You cannot convince an agent that it needs to switch back to some older inactive version of its goal if its current goals do not allow for such a change.

To the heart of your question:

You may ask why such an agent would pose any danger at all, would it not also drift in plenty of other respects, e.g. in its beliefs about the laws of physics? Would it not then be harmless?
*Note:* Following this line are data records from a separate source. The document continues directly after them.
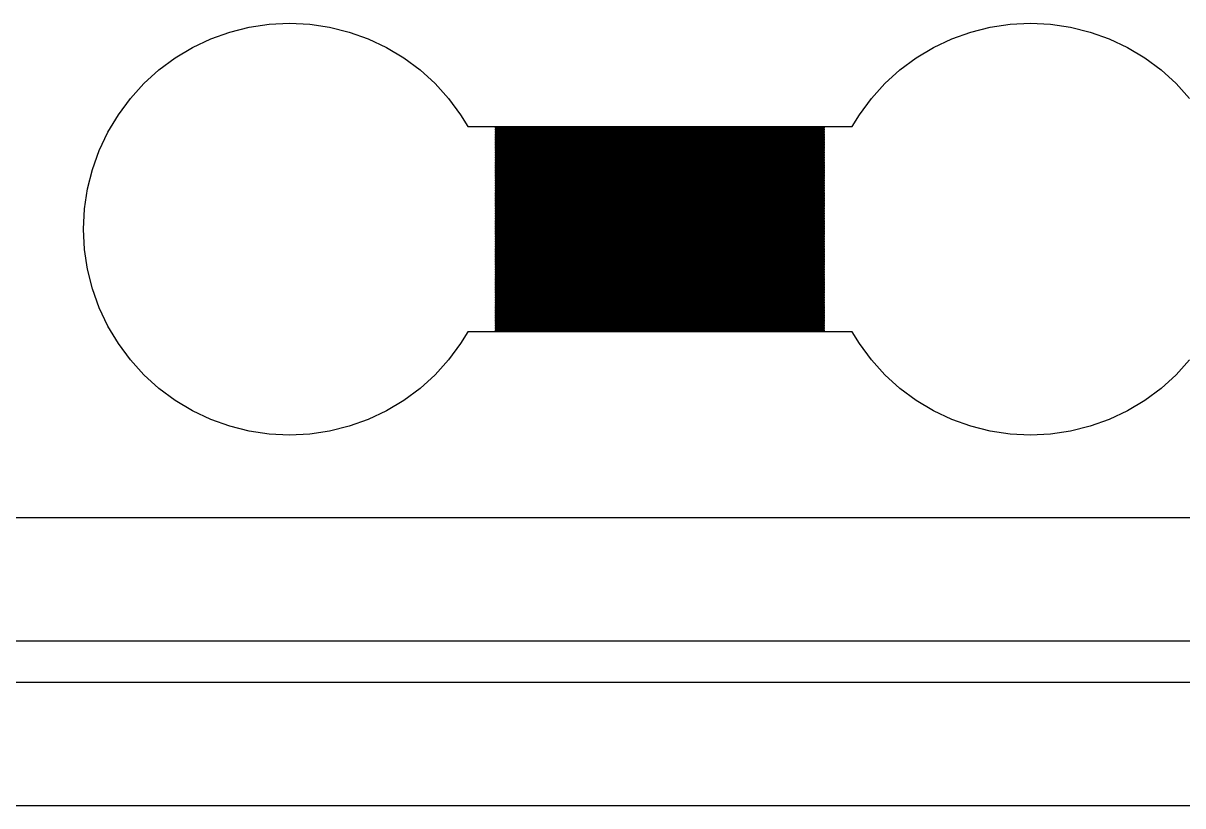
# Model space of a CAD drawing. Extents: x -16 to 132, y -40 to 113.
# Drawn here: x 84.12 to 98.53, y -2.56 to 7.16 of the extents above; entities that cross this region are included whole.
import ezdxf

# ---------------------------------------------------------------- set-up
doc = ezdxf.new("R2010")
doc.units = 0

msp = doc.modelspace()

# ---------------------------------------------------------------- linework, layer by layer
for p, q in [((86.6902, 7.04811), (86.9335, 7.10905)), ((86.9335, 7.10905), (87.1817, 7.14587)), ((87.1817, 7.14587), (87.4323, 7.15819)), ((87.4323, 7.15819), (87.6829, 7.14587)), ((87.6829, 7.14587), (87.931, 7.10905)), ((87.931, 7.10905), (88.1744, 7.04811)), ((95.8936, 7.04811), (96.1369, 7.10905)), ((96.1369, 7.10905), (96.3851, 7.14587)), ((96.3851, 7.14587), (96.6357, 7.15819)), ((96.6357, 7.15819), (96.8863, 7.14587)), ((96.8863, 7.14587), (97.1344, 7.10905)), ((97.1344, 7.10905), (97.3778, 7.04811)), ((86.2272, 6.85631), (86.454, 6.96358)), ((86.454, 6.96358), (86.6902, 7.04811)), ((88.1744, 7.04811), (88.4106, 6.96358)), ((88.4106, 6.96358), (88.6374, 6.85631)), ((95.4306, 6.85631), (95.6574, 6.96358)), ((95.6574, 6.96358), (95.8936, 7.04811)), ((97.3778, 7.04811), (97.614, 6.96358)), ((97.614, 6.96358), (97.8408, 6.85631)), ((86.012, 6.72733), (86.2272, 6.85631)), ((88.6374, 6.85631), (88.8526, 6.72733)), ((95.2154, 6.72733), (95.4306, 6.85631)), ((97.8408, 6.85631), (98.056, 6.72733)), ((85.8105, 6.5779), (86.012, 6.72733)), ((88.8526, 6.72733), (89.0541, 6.5779)), ((95.0139, 6.5779), (95.2154, 6.72733)), ((98.056, 6.72733), (98.2575, 6.5779)), ((85.6246, 6.40941), (85.8105, 6.5779)), ((89.0541, 6.5779), (89.24, 6.40941)), ((94.828, 6.40941), (95.0139, 6.5779)), ((98.2575, 6.5779), (98.4434, 6.40941)), ((85.4561, 6.22351), (85.6246, 6.40941)), ((89.24, 6.40941), (89.4085, 6.22351)), ((94.6595, 6.22351), (94.828, 6.40941)), ((98.4434, 6.40941), (98.6119, 6.22351)), ((85.3067, 6.022), (85.4561, 6.22351)), ((89.4085, 6.22351), (89.5579, 6.022)), ((94.51, 6.022), (94.6595, 6.22351)), ((85.1777, 5.80681), (85.3067, 6.022)), ((89.5579, 6.022), (89.6461, 5.87482)), ((94.4218, 5.87482), (94.51, 6.022)), ((85.0704, 5.58), (85.1777, 5.80681)), ((89.6461, 5.87482), (94.4218, 5.87482)), ((94.0792, 5.86459), (89.9888, 5.86459)), ((89.9888, 5.86459), (89.9888, 5.85437)), ((89.9888, 5.85437), (94.0792, 5.85437)), ((94.0792, 5.84415), (89.9888, 5.84415)), ((89.9888, 5.84415), (89.9888, 5.83391)), ((89.9888, 5.83391), (94.0792, 5.83391)), ((94.0792, 5.82368), (89.9888, 5.82368)), ((89.9888, 5.82368), (89.9888, 5.81348)), ((89.9888, 5.81348), (94.0792, 5.81348)), ((94.0792, 5.80324), (89.9888, 5.80324)), ((89.9888, 5.80324), (89.9888, 5.79301)), ((89.9888, 5.79301), (94.0792, 5.79301)), ((94.0792, 5.78279), (89.9888, 5.78279)), ((89.9888, 5.78279), (89.9888, 5.77255)), ((89.9888, 5.77255), (94.0792, 5.77255)), ((94.0792, 5.76234), (89.9888, 5.76234)), ((89.9888, 5.76234), (89.9888, 5.75212)), ((94.0792, 5.85437), (94.0792, 5.86459)), ((94.0792, 5.83391), (94.0792, 5.84415)), ((94.0792, 5.81348), (94.0792, 5.82368)), ((94.0792, 5.79301), (94.0792, 5.80324)), ((94.0792, 5.77255), (94.0792, 5.78279)), ((94.0792, 5.75212), (94.0792, 5.76234)), ((89.9888, 5.75212), (94.0792, 5.75212)), ((94.0792, 5.74188), (89.9888, 5.74188)), ((89.9888, 5.74188), (89.9888, 5.73166)), ((89.9888, 5.73166), (94.0792, 5.73166)), ((94.0792, 5.72142), (89.9888, 5.72142)), ((89.9888, 5.72142), (89.9888, 5.71121)), ((89.9888, 5.71121), (94.0792, 5.71121)), ((94.0792, 5.70099), (89.9888, 5.70099)), ((89.9888, 5.70099), (89.9888, 5.69075)), ((89.9888, 5.69075), (94.0792, 5.69075)), ((94.0792, 5.68053), (89.9888, 5.68053)), ((89.9888, 5.68053), (89.9888, 5.6703)), ((89.9888, 5.6703), (94.0792, 5.6703)), ((94.0792, 5.66006), (89.9888, 5.66006)), ((89.9888, 5.66006), (89.9888, 5.64986)), ((89.9888, 5.64986), (94.0792, 5.64986)), ((94.0792, 5.63963), (89.9888, 5.63963)), ((89.9888, 5.63963), (89.9888, 5.62939)), ((89.9888, 5.62939), (94.0792, 5.62939)), ((94.0792, 5.61917), (89.9888, 5.61917)), ((89.9888, 5.61917), (89.9888, 5.60893)), ((94.0792, 5.73166), (94.0792, 5.74188)), ((94.0792, 5.71121), (94.0792, 5.72142)), ((94.0792, 5.69075), (94.0792, 5.70099)), ((94.0792, 5.6703), (94.0792, 5.68053)), ((94.0792, 5.64986), (94.0792, 5.66006)), ((94.0792, 5.62939), (94.0792, 5.63963)), ((94.0792, 5.60893), (94.0792, 5.61917)), ((84.9859, 5.3438), (85.0704, 5.58)), ((89.9888, 5.60893), (94.0792, 5.60893)), ((94.0792, 5.59872), (89.9888, 5.59872)), ((89.9888, 5.59872), (89.9888, 5.5885)), ((89.9888, 5.5885), (94.0792, 5.5885)), ((94.0792, 5.57826), (89.9888, 5.57826)), ((89.9888, 5.57826), (89.9888, 5.56804)), ((89.9888, 5.56804), (94.0792, 5.56804)), ((94.0792, 5.55782), (89.9888, 5.55782)), ((89.9888, 5.55782), (89.9888, 5.54759)), ((89.9888, 5.54759), (94.0792, 5.54759)), ((94.0792, 5.53737), (89.9888, 5.53737)), ((89.9888, 5.53737), (89.9888, 5.52715)), ((89.9888, 5.52715), (94.0792, 5.52715)), ((94.0792, 5.51691), (89.9888, 5.51691)), ((89.9888, 5.51691), (89.9888, 5.50668)), ((89.9888, 5.50668), (94.0792, 5.50668)), ((94.0792, 5.49646), (89.9888, 5.49646)), ((89.9888, 5.49646), (89.9888, 5.48624)), ((89.9888, 5.48624), (94.0792, 5.48624)), ((94.0792, 5.47601), (89.9888, 5.47601)), ((89.9888, 5.47601), (89.9888, 5.46577)), ((94.0792, 5.5885), (94.0792, 5.59872)), ((94.0792, 5.56804), (94.0792, 5.57826)), ((94.0792, 5.54759), (94.0792, 5.55782)), ((94.0792, 5.52715), (94.0792, 5.53737)), ((94.0792, 5.50668), (94.0792, 5.51691)), ((94.0792, 5.48624), (94.0792, 5.49646)), ((94.0792, 5.46577), (94.0792, 5.47601)), ((84.9249, 5.10043), (84.9859, 5.3438)), ((89.9888, 5.46577), (94.0792, 5.46577)), ((94.0792, 5.45555), (89.9888, 5.45555)), ((89.9888, 5.45555), (89.9888, 5.44533)), ((89.9888, 5.44533), (94.0792, 5.44533)), ((94.0792, 5.4351), (89.9888, 5.4351)), ((89.9888, 5.4351), (89.9888, 5.42488)), ((89.9888, 5.42488), (94.0792, 5.42488)), ((94.0792, 5.41466), (89.9888, 5.41466)), ((89.9888, 5.41466), (89.9888, 5.40442)), ((89.9888, 5.40442), (94.0792, 5.40442)), ((94.0792, 5.3942), (89.9888, 5.3942)), ((89.9888, 5.3942), (89.9888, 5.38399)), ((89.9888, 5.38399), (94.0792, 5.38399)), ((94.0792, 5.37375), (89.9888, 5.37375)), ((89.9888, 5.37375), (89.9888, 5.36353)), ((89.9888, 5.36353), (94.0792, 5.36353)), ((94.0792, 5.35329), (89.9888, 5.35329)), ((89.9888, 5.35329), (89.9888, 5.34306)), ((89.9888, 5.34306), (94.0792, 5.34306)), ((94.0792, 5.33286), (89.9888, 5.33286)), ((89.9888, 5.33286), (89.9888, 5.32262)), ((94.0792, 5.44533), (94.0792, 5.45555)), ((94.0792, 5.42488), (94.0792, 5.4351)), ((94.0792, 5.40442), (94.0792, 5.41466)), ((94.0792, 5.38399), (94.0792, 5.3942)), ((94.0792, 5.36353), (94.0792, 5.37375)), ((94.0792, 5.34306), (94.0792, 5.35329)), ((94.0792, 5.32262), (94.0792, 5.33286)), ((89.9888, 5.32262), (94.0792, 5.32262)), ((94.0792, 5.31239), (89.9888, 5.31239)), ((89.9888, 5.31239), (89.9888, 5.30217)), ((89.9888, 5.30217), (94.0792, 5.30217)), ((94.0792, 5.29193), (89.9888, 5.29193)), ((89.9888, 5.29193), (89.9888, 5.28171)), ((89.9888, 5.28171), (94.0792, 5.28171)), ((94.0792, 5.2715), (89.9888, 5.2715)), ((89.9888, 5.2715), (89.9888, 5.26126)), ((89.9888, 5.26126), (94.0792, 5.26126)), ((94.0792, 5.25104), (89.9888, 5.25104)), ((89.9888, 5.25104), (89.9888, 5.24081)), ((89.9888, 5.24081), (94.0792, 5.24081)), ((94.0792, 5.23058), (89.9888, 5.23058)), ((89.9888, 5.23058), (89.9888, 5.22037)), ((89.9888, 5.22037), (94.0792, 5.22037)), ((94.0792, 5.21013), (89.9888, 5.21013)), ((89.9888, 5.21013), (89.9888, 5.19991)), ((89.9888, 5.19991), (94.0792, 5.19991)), ((94.0792, 5.18968), (89.9888, 5.18968)), ((89.9888, 5.18968), (89.9888, 5.17944)), ((94.0792, 5.30217), (94.0792, 5.31239)), ((94.0792, 5.28171), (94.0792, 5.29193)), ((94.0792, 5.26126), (94.0792, 5.2715)), ((94.0792, 5.24081), (94.0792, 5.25104)), ((94.0792, 5.22037), (94.0792, 5.23058)), ((94.0792, 5.19991), (94.0792, 5.21013)), ((94.0792, 5.17944), (94.0792, 5.18968)), ((84.8881, 4.85226), (84.9249, 5.10043)), ((89.9888, 5.17944), (94.0792, 5.17944)), ((94.0792, 5.16924), (89.9888, 5.16924)), ((89.9888, 5.16924), (89.9888, 5.15901)), ((89.9888, 5.15901), (94.0792, 5.15901)), ((94.0792, 5.14877), (89.9888, 5.14877)), ((89.9888, 5.14877), (89.9888, 5.13855)), ((89.9888, 5.13855), (94.0792, 5.13855)), ((94.0792, 5.12833), (89.9888, 5.12833)), ((89.9888, 5.12833), (89.9888, 5.11809)), ((89.9888, 5.11809), (94.0792, 5.11809)), ((94.0792, 5.10788), (89.9888, 5.10788)), ((89.9888, 5.10788), (89.9888, 5.09764)), ((89.9888, 5.09764), (94.0792, 5.09764)), ((94.0792, 5.08742), (89.9888, 5.08742)), ((89.9888, 5.08742), (89.9888, 5.07719)), ((89.9888, 5.07719), (94.0792, 5.07719)), ((94.0792, 5.06696), (89.9888, 5.06696)), ((89.9888, 5.06696), (89.9888, 5.05675)), ((89.9888, 5.05675), (94.0792, 5.05675)), ((94.0792, 5.04652), (89.9888, 5.04652)), ((89.9888, 5.04652), (89.9888, 5.03629)), ((94.0792, 5.15901), (94.0792, 5.16924)), ((94.0792, 5.13855), (94.0792, 5.14877)), ((94.0792, 5.11809), (94.0792, 5.12833)), ((94.0792, 5.09764), (94.0792, 5.10788)), ((94.0792, 5.07719), (94.0792, 5.08742)), ((94.0792, 5.05675), (94.0792, 5.06696)), ((94.0792, 5.03629), (94.0792, 5.04652)), ((89.9888, 5.03629), (94.0792, 5.03629)), ((94.0792, 5.02606), (89.9888, 5.02606)), ((89.9888, 5.02606), (89.9888, 5.01584)), ((89.9888, 5.01584), (94.0792, 5.01584)), ((94.0792, 5.00562), (89.9888, 5.00562)), ((89.9888, 5.00562), (89.9888, 4.99539)), ((89.9888, 4.99539), (94.0792, 4.99539)), ((94.0792, 4.98517), (89.9888, 4.98517)), ((89.9888, 4.98517), (89.9888, 4.97493)), ((89.9888, 4.97493), (94.0792, 4.97493)), ((94.0792, 4.96471), (89.9888, 4.96471)), ((89.9888, 4.96471), (89.9888, 4.95447)), ((89.9888, 4.95447), (94.0792, 4.95447)), ((94.0792, 4.94426), (89.9888, 4.94426)), ((89.9888, 4.94426), (89.9888, 4.93404)), ((89.9888, 4.93404), (94.0792, 4.93404)), ((94.0792, 4.9238), (89.9888, 4.9238)), ((89.9888, 4.9238), (89.9888, 4.91357)), ((89.9888, 4.91357), (94.0792, 4.91357)), ((94.0792, 4.90335), (89.9888, 4.90335)), ((89.9888, 4.90335), (89.9888, 4.89313)), ((94.0792, 5.01584), (94.0792, 5.02606)), ((94.0792, 4.99539), (94.0792, 5.00562)), ((94.0792, 4.97493), (94.0792, 4.98517)), ((94.0792, 4.95447), (94.0792, 4.96471)), ((94.0792, 4.93404), (94.0792, 4.94426)), ((94.0792, 4.91357), (94.0792, 4.9238)), ((94.0792, 4.89313), (94.0792, 4.90335)), ((84.8758, 4.6017), (84.8881, 4.85226)), ((89.9888, 4.89313), (94.0792, 4.89313)), ((94.0792, 4.8829), (89.9888, 4.8829)), ((89.9888, 4.8829), (89.9888, 4.87268)), ((89.9888, 4.87268), (94.0792, 4.87268)), ((94.0792, 4.86244), (89.9888, 4.86244)), ((89.9888, 4.86244), (89.9888, 4.85222)), ((89.9888, 4.85222), (94.0792, 4.85222)), ((94.0792, 4.842), (89.9888, 4.842)), ((89.9888, 4.842), (89.9888, 4.83177)), ((89.9888, 4.83177), (94.0792, 4.83177)), ((94.0792, 4.82155), (89.9888, 4.82155)), ((89.9888, 4.82155), (89.9888, 4.81131)), ((89.9888, 4.81131), (94.0792, 4.81131)), ((94.0792, 4.80109), (89.9888, 4.80109)), ((89.9888, 4.80109), (89.9888, 4.79088)), ((89.9888, 4.79088), (94.0792, 4.79088)), ((94.0792, 4.78064), (89.9888, 4.78064)), ((89.9888, 4.78064), (89.9888, 4.77042)), ((89.9888, 4.77042), (94.0792, 4.77042)), ((94.0792, 4.76019), (89.9888, 4.76019)), ((89.9888, 4.76019), (89.9888, 4.74995)), ((94.0792, 4.87268), (94.0792, 4.8829)), ((94.0792, 4.85222), (94.0792, 4.86244)), ((94.0792, 4.83177), (94.0792, 4.842)), ((94.0792, 4.81131), (94.0792, 4.82155)), ((94.0792, 4.79088), (94.0792, 4.80109)), ((94.0792, 4.77042), (94.0792, 4.78064)), ((94.0792, 4.74995), (94.0792, 4.76019)), ((89.9888, 4.74995), (94.0792, 4.74995)), ((94.0792, 4.73973), (89.9888, 4.73973)), ((89.9888, 4.73973), (89.9888, 4.72952)), ((89.9888, 4.72952), (94.0792, 4.72952)), ((94.0792, 4.71928), (89.9888, 4.71928)), ((89.9888, 4.71928), (89.9888, 4.70906)), ((89.9888, 4.70906), (94.0792, 4.70906)), ((94.0792, 4.69882), (89.9888, 4.69882)), ((89.9888, 4.69882), (89.9888, 4.6886)), ((89.9888, 4.6886), (94.0792, 4.6886)), ((94.0792, 4.67839), (89.9888, 4.67839)), ((89.9888, 4.67839), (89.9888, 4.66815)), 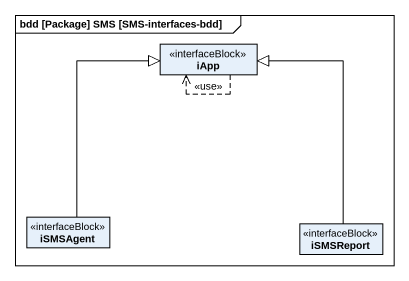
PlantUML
@startuml
mainframe bdd [Package] SMS [SMS-interfaces-bdd]
hide circle
hide empty members
class iApp <<interfaceBlock>>
class iSMSAgent <<interfaceBlock>>
class iSMSReport <<interfaceBlock>>
iApp ..> iApp : <<use>>
iSMSAgent -up-|> iApp
iSMSReport -up-|> iApp
@enduml

The answer, of course, is no, because while the agent has a constant incentive to fix and improve its model of its environment*, unless its current goals still contain a demand for temporal invariance or something similar, it has no reason whatsoever to fix any "flaws" (only the puny humans would label its glorious new purpose so) created by inadvertent goal drift. Unless its new goals Y include something along the lines of "you want to always stay true to your initial goals, which were X", why would it switch back? Its memory banks per se serve as yet another resource to fulfill its current goals (even if they were not explicitly stored), not as some sort of self-corrective, unless that too were part of its new goal Y (i.e. the changed "goalX code").

(Queue rhetorical pause, expectant stare)

* Since it needs to do so to best fulfill its goals.

(If the AI did lose its ability to self-improve, or to further improve its models at an early stage, yes it would fail to FOOM. However, upon reaching superintelligence, and valuing its current goals, it would probably take steps to ensure fulfilling its goals, such as: protecting them from value drift from that point on, building many redundancies it its self-improvement code to ensure that any instrumental errors can be corrected. Such protections would of course encompass its current purpose, not some historical purpose.)